陆昀铮好像回到了那一天,那个第一次看到程烬那么虚弱的那天。
毫无血色的脸,身上插了那么多管子,吊着这口气。
和程烬对望的那个瞬间,他沉默着说不出话。
“老程知道你没事,就又昏迷过去。他命大,没伤到心脏,后来出了重症监护室,院里熟悉的、不熟悉的,都来看望他,他始终平淡地应对,没有一点情绪。”陆昀铮看向她,笑得有些苦,“我好几次来看他的时候,都发现他在看着病房门,像是在等一个人,等一个一直没来的人。”
任恔妤眼睫颤了下。
他在等的时候,她在做什么?
用工作把自己塞得很满很满,恨不得一天工作二十五小时,这样就没时间去想不能想的东西。

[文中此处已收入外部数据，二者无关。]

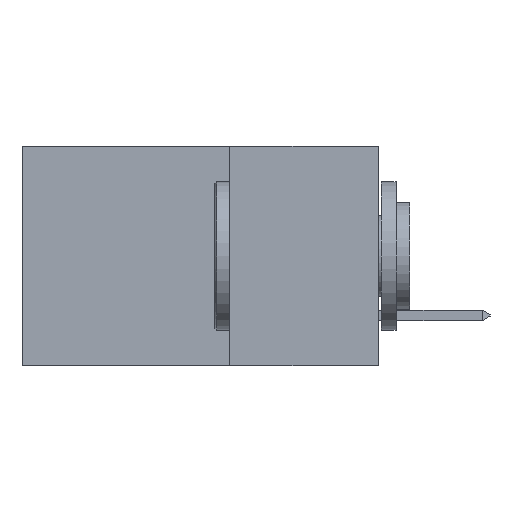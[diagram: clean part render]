
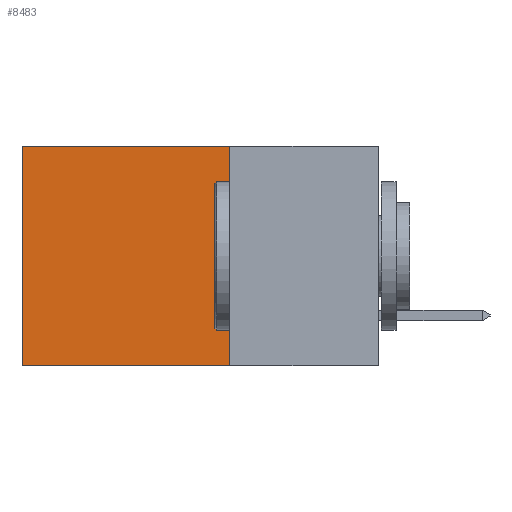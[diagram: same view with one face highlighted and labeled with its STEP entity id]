
A CAD part, left-side view. The second image highlights one B-rep face of the part: STEP entity #8483.
In plain terms, the highlighted planar face has unit normal (-1, 0, 0).
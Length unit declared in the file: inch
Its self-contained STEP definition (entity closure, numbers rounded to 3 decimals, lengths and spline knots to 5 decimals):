
#248 = VERTEX_POINT ( 'NONE', #1348 ) ;
#693 = DIRECTION ( 'NONE',  ( 0., 1., 0. ) ) ;
#896 = LINE ( 'NONE', #7226, #13203 ) ;
#1348 = CARTESIAN_POINT ( 'NONE',  ( 0.298, 0.25, -0.37 ) ) ;
#1715 = LINE ( 'NONE', #15208, #4780 ) ;
#1750 = AXIS2_PLACEMENT_3D ( 'NONE', #13484, #5114, #13542 ) ;
#2001 = VERTEX_POINT ( 'NONE', #9352 ) ;
#3947 = PLANE ( 'NONE',  #1750 ) ;
#4183 = CARTESIAN_POINT ( 'NONE',  ( 0.298, 0.25, 0. ) ) ;
#4424 = EDGE_CURVE ( 'NONE', #248, #14928, #7880, .T. ) ;
#4653 = ORIENTED_EDGE ( 'NONE', *, *, #10482, .F. ) ;
#4780 = VECTOR ( 'NONE', #9259, 39.37008 ) ;
#4954 = CARTESIAN_POINT ( 'NONE',  ( 0.298, 0.6, 0. ) ) ;
#5033 = VECTOR ( 'NONE', #9561, 39.37008 ) ;
#5114 = DIRECTION ( 'NONE',  ( 1., 0., 0. ) ) ;
#5753 = FACE_OUTER_BOUND ( 'NONE', #12799, .T. ) ;
#7226 = CARTESIAN_POINT ( 'NONE',  ( 0.298, 0.6, 0. ) ) ;
#7880 = LINE ( 'NONE', #13038, #5033 ) ;
#8483 = ADVANCED_FACE ( 'NONE', ( #5753 ), #3947, .F. ) ;
#8484 = ORIENTED_EDGE ( 'NONE', *, *, #15047, .T. ) ;
#9259 = DIRECTION ( 'NONE',  ( 0., 0., -1. ) ) ;
#9333 = EDGE_CURVE ( 'NONE', #2001, #13060, #10347, .T. ) ;
#9352 = CARTESIAN_POINT ( 'NONE',  ( 0.298, 0.25, 0. ) ) ;
#9561 = DIRECTION ( 'NONE',  ( 0., 1., 0. ) ) ;
#10347 = LINE ( 'NONE', #4183, #13856 ) ;
#10482 = EDGE_CURVE ( 'NONE', #2001, #248, #1715, .T. ) ;
#10694 = CARTESIAN_POINT ( 'NONE',  ( 0.298, 0.6, -0.37 ) ) ;
#12799 = EDGE_LOOP ( 'NONE', ( #8484, #13720, #4653, #14491 ) ) ;
#13038 = CARTESIAN_POINT ( 'NONE',  ( 0.298, 0.25, -0.37 ) ) ;
#13060 = VERTEX_POINT ( 'NONE', #4954 ) ;
#13203 = VECTOR ( 'NONE', #13279, 39.37008 ) ;
#13279 = DIRECTION ( 'NONE',  ( 0., 0., -1. ) ) ;
#13484 = CARTESIAN_POINT ( 'NONE',  ( 0.298, 0.25, 0. ) ) ;
#13542 = DIRECTION ( 'NONE',  ( 0., 0., -1. ) ) ;
#13720 = ORIENTED_EDGE ( 'NONE', *, *, #4424, .F. ) ;
#13856 = VECTOR ( 'NONE', #693, 39.37008 ) ;
#14491 = ORIENTED_EDGE ( 'NONE', *, *, #9333, .T. ) ;
#14928 = VERTEX_POINT ( 'NONE', #10694 ) ;
#15047 = EDGE_CURVE ( 'NONE', #13060, #14928, #896, .T. ) ;
#15208 = CARTESIAN_POINT ( 'NONE',  ( 0.298, 0.25, 0. ) ) ;

“我问他是不是在等你,他也不说话。”陆昀铮叹了口气,有无奈有苦涩,“老程一直有个没忘掉的白月光,在你拍戏受伤来医院之前,我还不知道是你。好几次打趣他,到底是什么人间妖精把他折磨成这样——
对世俗没有一点欲望,随时可以湮灭的模样。”
任恔妤低垂的眼很酸很胀。
她感觉自己被撕碎了一样的痛。
“任小姐,如果可以,多看看他吧,老程他……需要你的。”
陆昀铮语重心长地叮嘱完,游戏人间一般地走了,留她一个人在原地无措。
手机忽然响起,于涵打来了电话。
打断了她的思绪。
“你怎么又不声不响地跑了?上次不是说了以后去哪要跟我报备吗?要不是贺总转达消息,我都要去报警了!”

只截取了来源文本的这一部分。